_About this task_
Where does the string "units" appear in the records? Copy each line that holds it.

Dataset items
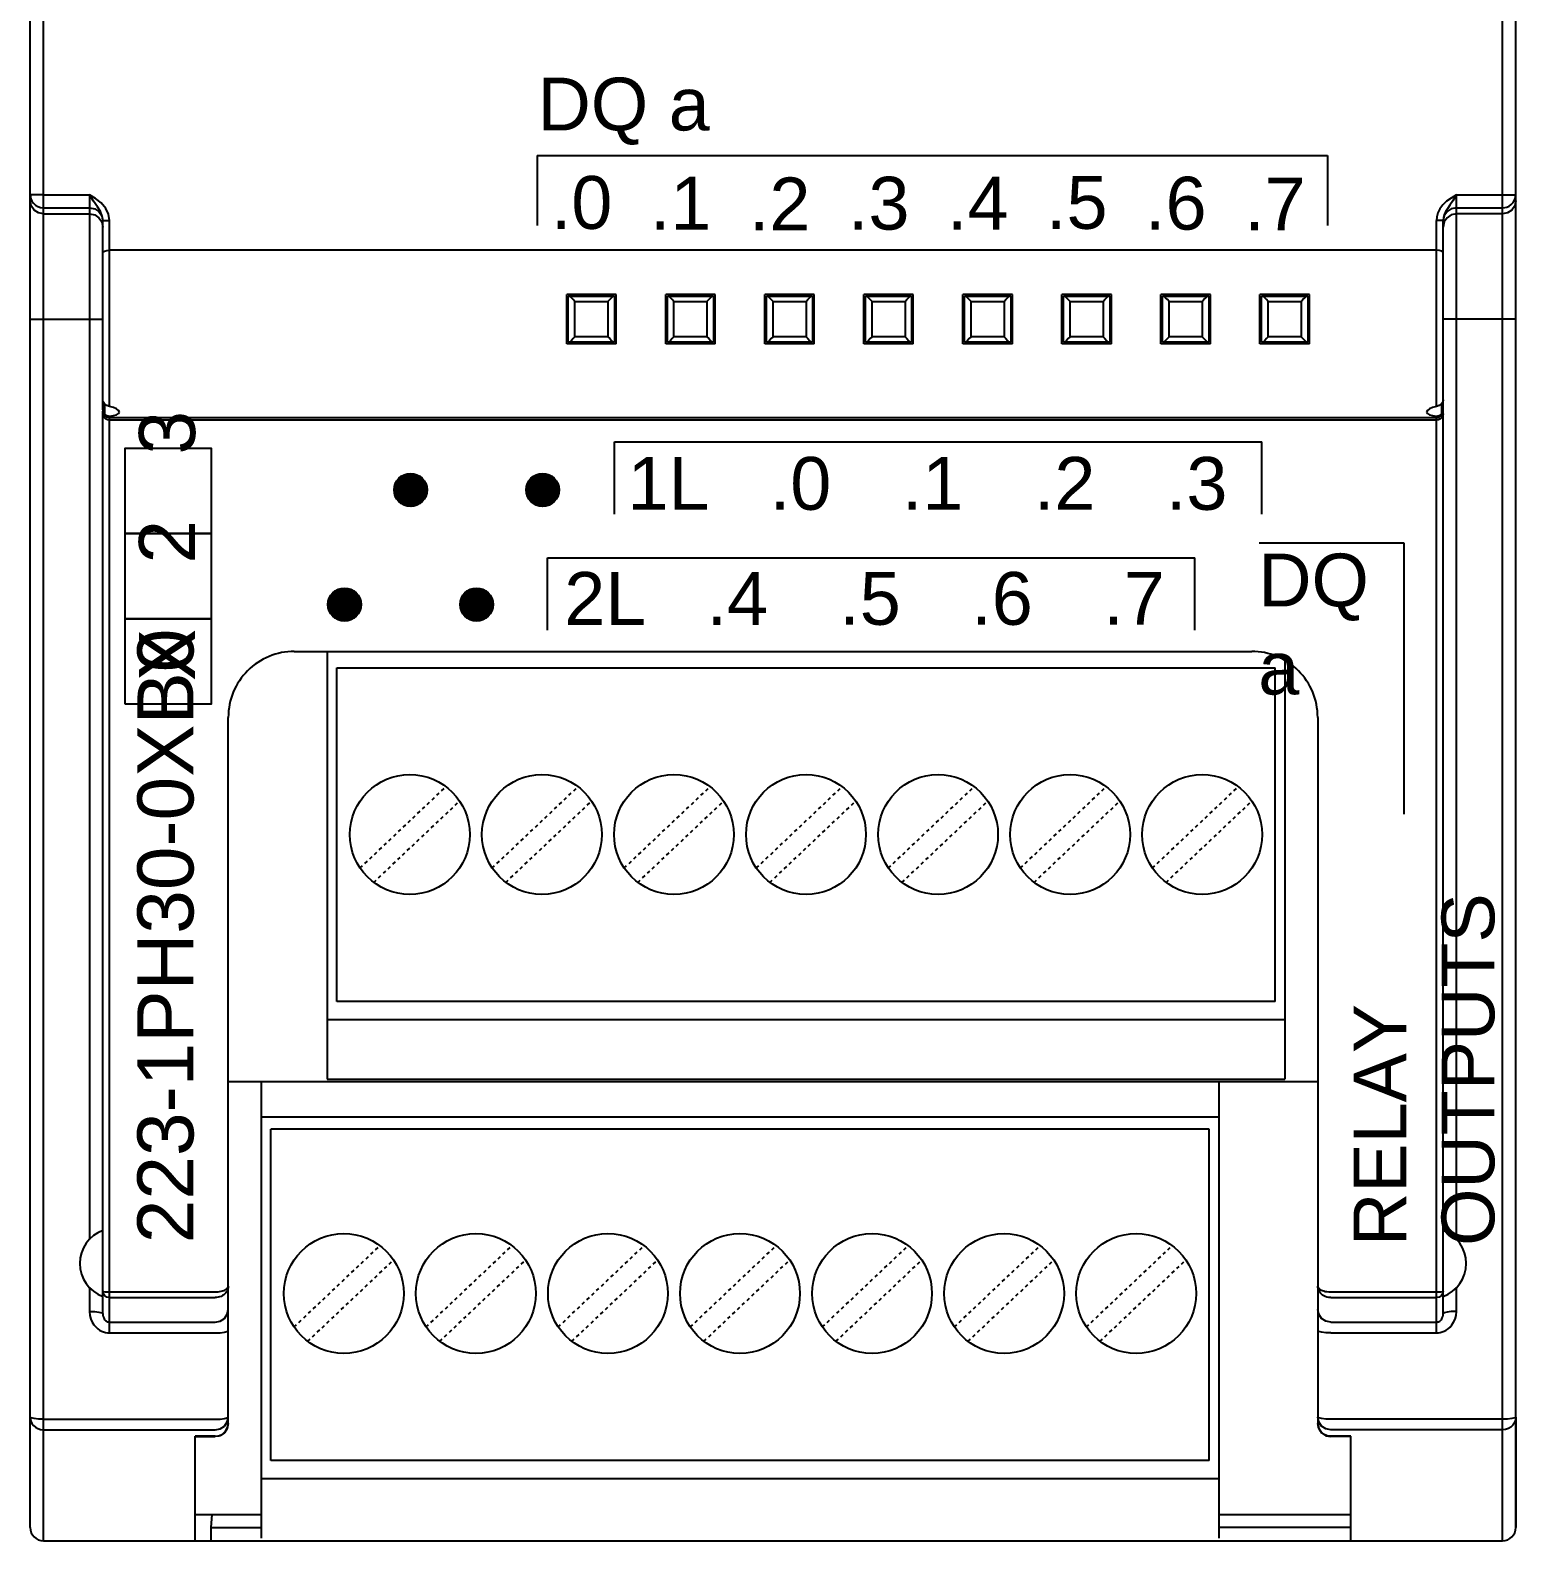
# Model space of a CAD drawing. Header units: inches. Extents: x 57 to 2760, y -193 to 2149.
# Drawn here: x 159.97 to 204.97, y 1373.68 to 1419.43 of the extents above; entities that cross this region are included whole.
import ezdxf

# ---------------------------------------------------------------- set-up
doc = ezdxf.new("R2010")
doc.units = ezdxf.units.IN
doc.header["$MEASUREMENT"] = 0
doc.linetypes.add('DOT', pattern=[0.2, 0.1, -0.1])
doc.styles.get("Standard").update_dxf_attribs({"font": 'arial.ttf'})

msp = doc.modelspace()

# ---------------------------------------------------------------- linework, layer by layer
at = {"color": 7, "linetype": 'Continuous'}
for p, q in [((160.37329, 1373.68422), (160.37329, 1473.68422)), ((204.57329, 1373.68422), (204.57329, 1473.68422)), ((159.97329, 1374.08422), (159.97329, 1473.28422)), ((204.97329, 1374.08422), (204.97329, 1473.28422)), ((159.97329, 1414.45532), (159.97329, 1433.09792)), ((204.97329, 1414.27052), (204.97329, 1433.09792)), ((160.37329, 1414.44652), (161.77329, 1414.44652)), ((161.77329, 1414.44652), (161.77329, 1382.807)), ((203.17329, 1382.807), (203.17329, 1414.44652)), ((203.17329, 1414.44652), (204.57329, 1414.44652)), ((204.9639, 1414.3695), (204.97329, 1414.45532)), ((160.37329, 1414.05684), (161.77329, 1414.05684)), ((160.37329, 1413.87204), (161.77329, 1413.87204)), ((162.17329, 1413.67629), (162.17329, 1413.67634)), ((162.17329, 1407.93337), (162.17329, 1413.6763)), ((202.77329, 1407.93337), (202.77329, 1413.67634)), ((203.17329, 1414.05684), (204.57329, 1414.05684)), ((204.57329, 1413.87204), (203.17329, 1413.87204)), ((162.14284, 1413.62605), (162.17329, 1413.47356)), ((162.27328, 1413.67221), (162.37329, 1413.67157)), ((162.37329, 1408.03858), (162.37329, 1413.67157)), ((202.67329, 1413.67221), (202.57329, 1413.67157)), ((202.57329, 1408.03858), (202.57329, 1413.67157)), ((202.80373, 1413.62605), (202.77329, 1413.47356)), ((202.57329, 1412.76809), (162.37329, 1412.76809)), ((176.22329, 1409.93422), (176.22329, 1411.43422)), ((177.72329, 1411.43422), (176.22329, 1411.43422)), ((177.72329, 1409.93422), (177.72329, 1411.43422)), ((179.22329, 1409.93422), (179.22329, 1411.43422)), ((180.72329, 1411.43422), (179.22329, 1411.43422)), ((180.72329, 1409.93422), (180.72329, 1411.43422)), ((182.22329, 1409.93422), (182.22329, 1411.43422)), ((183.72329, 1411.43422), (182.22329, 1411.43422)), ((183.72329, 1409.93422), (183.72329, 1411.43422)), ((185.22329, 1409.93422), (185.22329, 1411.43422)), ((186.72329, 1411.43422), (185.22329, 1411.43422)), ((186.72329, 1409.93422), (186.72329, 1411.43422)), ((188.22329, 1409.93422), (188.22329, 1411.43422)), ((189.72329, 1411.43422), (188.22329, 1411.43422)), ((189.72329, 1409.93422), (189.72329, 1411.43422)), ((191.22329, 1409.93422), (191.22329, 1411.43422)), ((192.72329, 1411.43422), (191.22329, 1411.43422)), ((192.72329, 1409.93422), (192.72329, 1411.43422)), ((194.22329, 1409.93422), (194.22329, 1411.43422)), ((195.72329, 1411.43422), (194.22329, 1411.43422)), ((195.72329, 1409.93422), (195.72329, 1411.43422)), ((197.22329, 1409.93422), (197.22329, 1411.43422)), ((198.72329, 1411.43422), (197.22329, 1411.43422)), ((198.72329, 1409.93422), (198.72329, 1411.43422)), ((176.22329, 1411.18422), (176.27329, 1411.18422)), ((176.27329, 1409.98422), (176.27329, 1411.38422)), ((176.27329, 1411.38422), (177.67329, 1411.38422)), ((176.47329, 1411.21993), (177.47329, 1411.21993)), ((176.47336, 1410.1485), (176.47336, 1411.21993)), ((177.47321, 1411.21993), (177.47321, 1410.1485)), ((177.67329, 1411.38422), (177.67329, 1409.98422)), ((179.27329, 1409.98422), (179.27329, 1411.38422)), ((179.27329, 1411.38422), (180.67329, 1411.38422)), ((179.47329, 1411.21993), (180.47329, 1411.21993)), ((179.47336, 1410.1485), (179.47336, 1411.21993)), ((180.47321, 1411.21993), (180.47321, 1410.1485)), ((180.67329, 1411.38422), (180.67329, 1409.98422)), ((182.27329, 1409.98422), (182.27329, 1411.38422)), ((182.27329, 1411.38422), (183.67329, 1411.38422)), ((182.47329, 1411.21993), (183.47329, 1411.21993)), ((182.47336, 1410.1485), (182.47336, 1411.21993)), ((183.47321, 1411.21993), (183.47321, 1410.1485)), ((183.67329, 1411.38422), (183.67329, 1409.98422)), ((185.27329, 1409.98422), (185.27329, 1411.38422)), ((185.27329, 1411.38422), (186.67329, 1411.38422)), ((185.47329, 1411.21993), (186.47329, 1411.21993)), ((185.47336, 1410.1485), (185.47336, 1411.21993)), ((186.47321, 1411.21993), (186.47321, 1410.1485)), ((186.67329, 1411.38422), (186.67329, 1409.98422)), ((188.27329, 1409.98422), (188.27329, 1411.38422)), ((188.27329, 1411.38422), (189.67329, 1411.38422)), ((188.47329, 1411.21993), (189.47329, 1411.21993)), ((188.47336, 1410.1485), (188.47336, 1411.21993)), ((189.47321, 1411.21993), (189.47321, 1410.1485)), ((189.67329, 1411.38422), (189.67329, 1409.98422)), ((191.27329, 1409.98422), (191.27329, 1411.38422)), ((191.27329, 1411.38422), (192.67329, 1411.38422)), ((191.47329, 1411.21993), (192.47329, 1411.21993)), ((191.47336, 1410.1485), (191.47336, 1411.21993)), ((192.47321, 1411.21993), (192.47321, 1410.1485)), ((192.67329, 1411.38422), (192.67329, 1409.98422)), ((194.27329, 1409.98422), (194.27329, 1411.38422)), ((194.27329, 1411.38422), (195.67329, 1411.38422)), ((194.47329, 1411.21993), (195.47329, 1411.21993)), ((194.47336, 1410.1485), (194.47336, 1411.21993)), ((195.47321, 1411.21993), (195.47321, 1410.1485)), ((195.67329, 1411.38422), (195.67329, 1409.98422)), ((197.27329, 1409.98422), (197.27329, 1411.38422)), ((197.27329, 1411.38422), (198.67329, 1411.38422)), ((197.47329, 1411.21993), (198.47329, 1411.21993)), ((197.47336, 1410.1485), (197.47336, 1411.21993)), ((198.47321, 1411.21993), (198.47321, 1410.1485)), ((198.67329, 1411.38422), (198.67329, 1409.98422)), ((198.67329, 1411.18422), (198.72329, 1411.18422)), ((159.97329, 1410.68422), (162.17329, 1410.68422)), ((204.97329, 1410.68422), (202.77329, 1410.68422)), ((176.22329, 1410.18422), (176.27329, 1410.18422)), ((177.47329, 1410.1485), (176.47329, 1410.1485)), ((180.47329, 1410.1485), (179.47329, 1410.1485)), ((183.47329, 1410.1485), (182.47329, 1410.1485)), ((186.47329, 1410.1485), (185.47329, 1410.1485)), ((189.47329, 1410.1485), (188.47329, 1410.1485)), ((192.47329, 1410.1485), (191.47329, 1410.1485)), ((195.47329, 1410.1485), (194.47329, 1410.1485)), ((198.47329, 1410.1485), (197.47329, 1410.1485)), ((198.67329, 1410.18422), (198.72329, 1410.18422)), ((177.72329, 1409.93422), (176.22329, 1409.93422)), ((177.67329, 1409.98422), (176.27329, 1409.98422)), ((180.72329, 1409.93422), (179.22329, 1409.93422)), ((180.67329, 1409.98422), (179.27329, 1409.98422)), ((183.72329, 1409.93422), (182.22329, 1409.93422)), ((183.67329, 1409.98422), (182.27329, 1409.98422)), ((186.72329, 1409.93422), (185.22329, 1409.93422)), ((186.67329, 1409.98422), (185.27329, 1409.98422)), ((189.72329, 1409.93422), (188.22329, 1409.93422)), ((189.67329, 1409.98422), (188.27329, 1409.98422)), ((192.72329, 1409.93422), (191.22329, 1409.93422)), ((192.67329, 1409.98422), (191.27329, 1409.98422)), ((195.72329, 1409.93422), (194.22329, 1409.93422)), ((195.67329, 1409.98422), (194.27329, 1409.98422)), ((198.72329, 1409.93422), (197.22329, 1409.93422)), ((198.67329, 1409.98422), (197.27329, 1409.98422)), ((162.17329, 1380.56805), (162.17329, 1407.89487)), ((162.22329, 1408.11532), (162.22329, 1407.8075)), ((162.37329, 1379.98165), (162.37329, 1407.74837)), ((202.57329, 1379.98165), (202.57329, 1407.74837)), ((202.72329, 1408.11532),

_Result_
# Model space of a CAD drawing. Header units: inches. Extents: x 57 to 2760, y -193 to 2149.
doc.units = ezdxf.units.IN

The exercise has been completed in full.